== Your assignment ==
A single number is the whole answer: the tally of lines in the data below that include the word "Inputs".
*** Opening Listed records ***
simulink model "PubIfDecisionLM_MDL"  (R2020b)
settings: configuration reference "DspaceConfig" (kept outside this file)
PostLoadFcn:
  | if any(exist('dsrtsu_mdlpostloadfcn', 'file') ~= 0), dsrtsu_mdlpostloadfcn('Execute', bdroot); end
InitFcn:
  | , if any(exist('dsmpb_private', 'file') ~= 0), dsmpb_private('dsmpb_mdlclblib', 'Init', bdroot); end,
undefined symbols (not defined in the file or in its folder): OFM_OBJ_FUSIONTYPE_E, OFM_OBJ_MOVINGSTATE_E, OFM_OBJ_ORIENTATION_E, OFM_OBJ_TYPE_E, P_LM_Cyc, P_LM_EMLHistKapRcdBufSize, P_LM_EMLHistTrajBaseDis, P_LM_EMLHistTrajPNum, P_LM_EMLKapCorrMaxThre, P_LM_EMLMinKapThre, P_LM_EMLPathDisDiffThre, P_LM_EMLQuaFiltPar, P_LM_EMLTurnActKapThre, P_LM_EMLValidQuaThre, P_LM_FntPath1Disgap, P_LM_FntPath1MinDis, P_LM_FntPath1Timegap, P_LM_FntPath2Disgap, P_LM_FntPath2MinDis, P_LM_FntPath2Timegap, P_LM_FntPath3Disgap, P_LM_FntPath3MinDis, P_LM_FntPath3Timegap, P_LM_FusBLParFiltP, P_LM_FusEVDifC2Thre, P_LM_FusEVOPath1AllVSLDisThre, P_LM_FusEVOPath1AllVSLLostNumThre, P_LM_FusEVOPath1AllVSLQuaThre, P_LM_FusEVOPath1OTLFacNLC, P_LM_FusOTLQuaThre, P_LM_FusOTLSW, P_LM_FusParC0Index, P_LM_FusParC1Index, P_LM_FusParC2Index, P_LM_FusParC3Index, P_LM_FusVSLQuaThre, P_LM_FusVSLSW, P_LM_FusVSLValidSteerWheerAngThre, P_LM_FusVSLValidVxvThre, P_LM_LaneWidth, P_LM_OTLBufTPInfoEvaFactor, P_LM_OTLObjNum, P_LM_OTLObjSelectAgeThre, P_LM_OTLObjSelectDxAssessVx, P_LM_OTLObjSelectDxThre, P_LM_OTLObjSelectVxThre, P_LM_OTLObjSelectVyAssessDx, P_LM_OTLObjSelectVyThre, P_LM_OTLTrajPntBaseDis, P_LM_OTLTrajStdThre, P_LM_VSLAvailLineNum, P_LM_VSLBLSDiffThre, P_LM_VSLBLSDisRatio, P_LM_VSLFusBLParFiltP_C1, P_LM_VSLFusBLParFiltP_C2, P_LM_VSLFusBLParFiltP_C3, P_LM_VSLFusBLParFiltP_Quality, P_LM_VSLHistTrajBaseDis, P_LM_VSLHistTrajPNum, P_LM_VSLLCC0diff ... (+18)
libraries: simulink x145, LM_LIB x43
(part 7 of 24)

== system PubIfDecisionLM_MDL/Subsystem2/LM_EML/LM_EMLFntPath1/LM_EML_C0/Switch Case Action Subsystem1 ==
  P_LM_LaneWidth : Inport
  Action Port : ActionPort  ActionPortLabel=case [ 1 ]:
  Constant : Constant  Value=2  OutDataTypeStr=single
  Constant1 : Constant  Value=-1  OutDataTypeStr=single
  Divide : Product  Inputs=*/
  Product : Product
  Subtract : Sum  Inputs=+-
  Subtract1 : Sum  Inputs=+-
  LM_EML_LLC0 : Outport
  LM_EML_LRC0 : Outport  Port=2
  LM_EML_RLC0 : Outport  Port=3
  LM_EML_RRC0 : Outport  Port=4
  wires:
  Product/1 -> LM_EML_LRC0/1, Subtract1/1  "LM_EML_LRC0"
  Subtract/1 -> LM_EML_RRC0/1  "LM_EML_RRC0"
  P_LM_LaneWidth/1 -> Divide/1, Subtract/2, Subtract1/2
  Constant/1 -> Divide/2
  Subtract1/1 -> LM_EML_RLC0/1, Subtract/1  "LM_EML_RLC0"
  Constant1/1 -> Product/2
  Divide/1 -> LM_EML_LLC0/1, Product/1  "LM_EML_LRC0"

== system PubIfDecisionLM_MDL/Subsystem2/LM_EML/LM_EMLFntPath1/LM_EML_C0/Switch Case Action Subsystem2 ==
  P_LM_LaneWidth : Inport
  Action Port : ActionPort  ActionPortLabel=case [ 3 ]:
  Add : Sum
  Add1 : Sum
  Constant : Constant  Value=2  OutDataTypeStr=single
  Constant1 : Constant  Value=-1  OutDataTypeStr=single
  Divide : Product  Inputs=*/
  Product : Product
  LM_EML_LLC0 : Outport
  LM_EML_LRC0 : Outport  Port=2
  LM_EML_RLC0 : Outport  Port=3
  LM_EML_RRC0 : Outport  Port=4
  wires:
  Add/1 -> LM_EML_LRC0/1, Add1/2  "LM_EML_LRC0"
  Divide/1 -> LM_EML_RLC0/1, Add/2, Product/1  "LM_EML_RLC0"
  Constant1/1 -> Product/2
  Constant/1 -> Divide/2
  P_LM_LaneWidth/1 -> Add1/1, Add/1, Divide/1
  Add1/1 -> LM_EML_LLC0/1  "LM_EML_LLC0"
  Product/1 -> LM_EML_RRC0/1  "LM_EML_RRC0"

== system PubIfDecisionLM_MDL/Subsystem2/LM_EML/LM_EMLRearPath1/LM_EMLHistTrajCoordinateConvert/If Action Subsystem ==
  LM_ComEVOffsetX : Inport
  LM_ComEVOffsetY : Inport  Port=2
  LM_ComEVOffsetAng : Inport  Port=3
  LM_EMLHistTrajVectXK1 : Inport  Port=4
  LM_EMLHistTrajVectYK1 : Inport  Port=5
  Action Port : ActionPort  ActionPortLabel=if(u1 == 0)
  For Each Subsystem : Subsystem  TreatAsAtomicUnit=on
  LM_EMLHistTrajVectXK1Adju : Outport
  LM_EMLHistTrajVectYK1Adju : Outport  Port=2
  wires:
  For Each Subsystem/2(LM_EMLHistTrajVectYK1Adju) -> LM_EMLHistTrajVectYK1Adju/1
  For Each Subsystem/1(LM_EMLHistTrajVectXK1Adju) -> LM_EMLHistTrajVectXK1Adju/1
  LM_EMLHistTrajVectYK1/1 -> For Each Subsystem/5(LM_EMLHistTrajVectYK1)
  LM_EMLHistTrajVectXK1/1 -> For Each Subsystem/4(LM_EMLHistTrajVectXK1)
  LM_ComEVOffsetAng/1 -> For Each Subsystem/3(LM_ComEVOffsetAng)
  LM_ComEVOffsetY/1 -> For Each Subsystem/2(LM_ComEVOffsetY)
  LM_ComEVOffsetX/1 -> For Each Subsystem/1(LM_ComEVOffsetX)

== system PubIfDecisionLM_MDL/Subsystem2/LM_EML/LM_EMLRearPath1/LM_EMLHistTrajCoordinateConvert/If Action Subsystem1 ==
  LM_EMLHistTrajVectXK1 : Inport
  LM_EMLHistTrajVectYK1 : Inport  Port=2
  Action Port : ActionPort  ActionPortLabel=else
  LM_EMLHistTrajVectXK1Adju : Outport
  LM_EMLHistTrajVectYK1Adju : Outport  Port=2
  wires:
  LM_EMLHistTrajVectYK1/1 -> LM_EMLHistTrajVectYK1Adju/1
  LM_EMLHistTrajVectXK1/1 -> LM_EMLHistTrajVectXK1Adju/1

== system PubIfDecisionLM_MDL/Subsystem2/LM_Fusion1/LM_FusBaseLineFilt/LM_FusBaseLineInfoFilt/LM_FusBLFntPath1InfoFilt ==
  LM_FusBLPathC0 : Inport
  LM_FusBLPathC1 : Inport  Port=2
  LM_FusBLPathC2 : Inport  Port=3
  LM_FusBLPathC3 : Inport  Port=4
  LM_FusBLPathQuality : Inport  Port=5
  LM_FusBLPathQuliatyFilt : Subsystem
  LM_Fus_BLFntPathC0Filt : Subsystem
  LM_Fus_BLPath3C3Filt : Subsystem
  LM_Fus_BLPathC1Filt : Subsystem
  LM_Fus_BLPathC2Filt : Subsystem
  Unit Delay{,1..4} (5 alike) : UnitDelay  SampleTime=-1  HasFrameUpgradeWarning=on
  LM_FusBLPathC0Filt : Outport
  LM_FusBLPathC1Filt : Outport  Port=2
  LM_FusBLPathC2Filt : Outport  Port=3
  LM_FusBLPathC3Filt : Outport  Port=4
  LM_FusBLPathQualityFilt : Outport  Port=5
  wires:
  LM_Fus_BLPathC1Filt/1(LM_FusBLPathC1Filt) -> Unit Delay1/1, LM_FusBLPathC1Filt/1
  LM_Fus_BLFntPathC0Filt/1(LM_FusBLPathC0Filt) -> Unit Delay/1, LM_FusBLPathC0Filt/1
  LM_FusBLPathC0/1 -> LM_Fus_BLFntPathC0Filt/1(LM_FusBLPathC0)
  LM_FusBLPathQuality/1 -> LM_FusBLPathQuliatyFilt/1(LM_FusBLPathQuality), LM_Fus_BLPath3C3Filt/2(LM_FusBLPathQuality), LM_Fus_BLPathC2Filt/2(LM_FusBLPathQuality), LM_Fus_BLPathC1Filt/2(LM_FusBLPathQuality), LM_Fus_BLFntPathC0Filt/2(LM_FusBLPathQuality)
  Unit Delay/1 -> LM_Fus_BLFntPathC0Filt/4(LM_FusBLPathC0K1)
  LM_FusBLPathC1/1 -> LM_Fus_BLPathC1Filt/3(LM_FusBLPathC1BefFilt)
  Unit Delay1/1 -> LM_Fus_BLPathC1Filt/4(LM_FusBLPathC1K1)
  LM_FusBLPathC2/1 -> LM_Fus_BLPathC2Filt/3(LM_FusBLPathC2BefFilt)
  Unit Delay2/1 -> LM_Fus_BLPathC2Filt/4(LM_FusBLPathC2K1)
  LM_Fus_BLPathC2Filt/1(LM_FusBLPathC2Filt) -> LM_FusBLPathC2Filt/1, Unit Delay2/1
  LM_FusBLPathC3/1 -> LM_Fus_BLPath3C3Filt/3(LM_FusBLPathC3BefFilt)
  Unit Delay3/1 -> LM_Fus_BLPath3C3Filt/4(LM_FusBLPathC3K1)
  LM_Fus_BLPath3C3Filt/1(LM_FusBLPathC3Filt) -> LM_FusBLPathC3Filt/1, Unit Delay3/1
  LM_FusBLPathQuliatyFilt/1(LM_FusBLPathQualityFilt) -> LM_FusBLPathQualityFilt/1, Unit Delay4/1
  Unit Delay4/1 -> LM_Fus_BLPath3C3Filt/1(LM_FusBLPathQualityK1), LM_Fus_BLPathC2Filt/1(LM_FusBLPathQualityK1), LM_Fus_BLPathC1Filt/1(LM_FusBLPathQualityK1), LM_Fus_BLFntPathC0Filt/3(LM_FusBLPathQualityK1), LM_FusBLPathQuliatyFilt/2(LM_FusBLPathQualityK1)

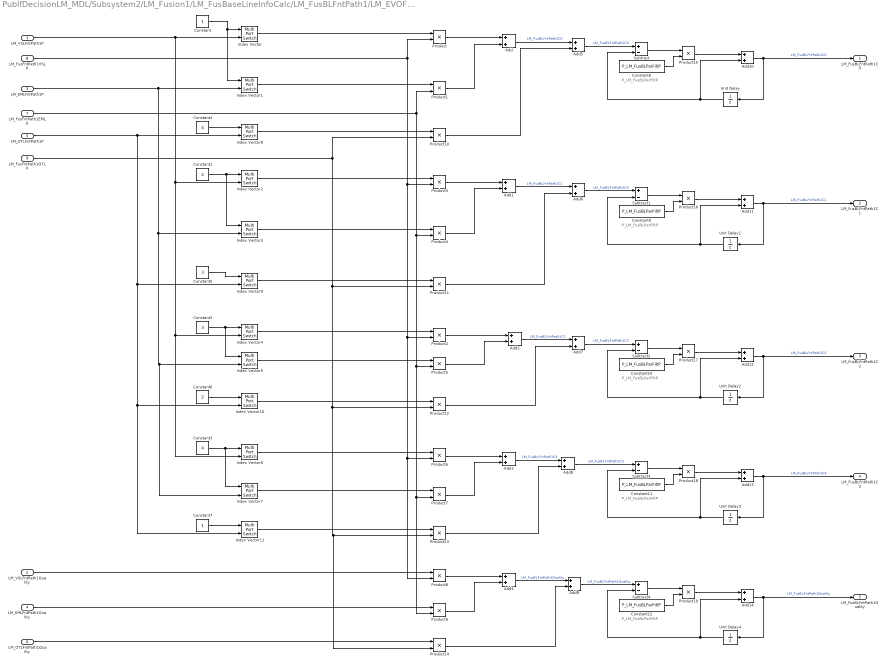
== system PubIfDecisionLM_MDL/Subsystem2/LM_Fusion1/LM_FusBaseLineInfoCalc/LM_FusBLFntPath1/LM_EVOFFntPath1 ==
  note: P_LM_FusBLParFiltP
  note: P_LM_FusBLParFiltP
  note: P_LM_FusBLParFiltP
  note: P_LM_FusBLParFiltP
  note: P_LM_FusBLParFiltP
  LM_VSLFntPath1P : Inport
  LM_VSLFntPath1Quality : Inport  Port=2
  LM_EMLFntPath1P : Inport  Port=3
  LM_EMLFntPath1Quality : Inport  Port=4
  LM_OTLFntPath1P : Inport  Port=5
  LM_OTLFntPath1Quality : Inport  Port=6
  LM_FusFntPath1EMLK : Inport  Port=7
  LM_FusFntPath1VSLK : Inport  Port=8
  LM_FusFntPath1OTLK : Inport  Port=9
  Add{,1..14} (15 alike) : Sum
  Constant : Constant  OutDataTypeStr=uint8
*** Closing Listed records ***
== Response ==
4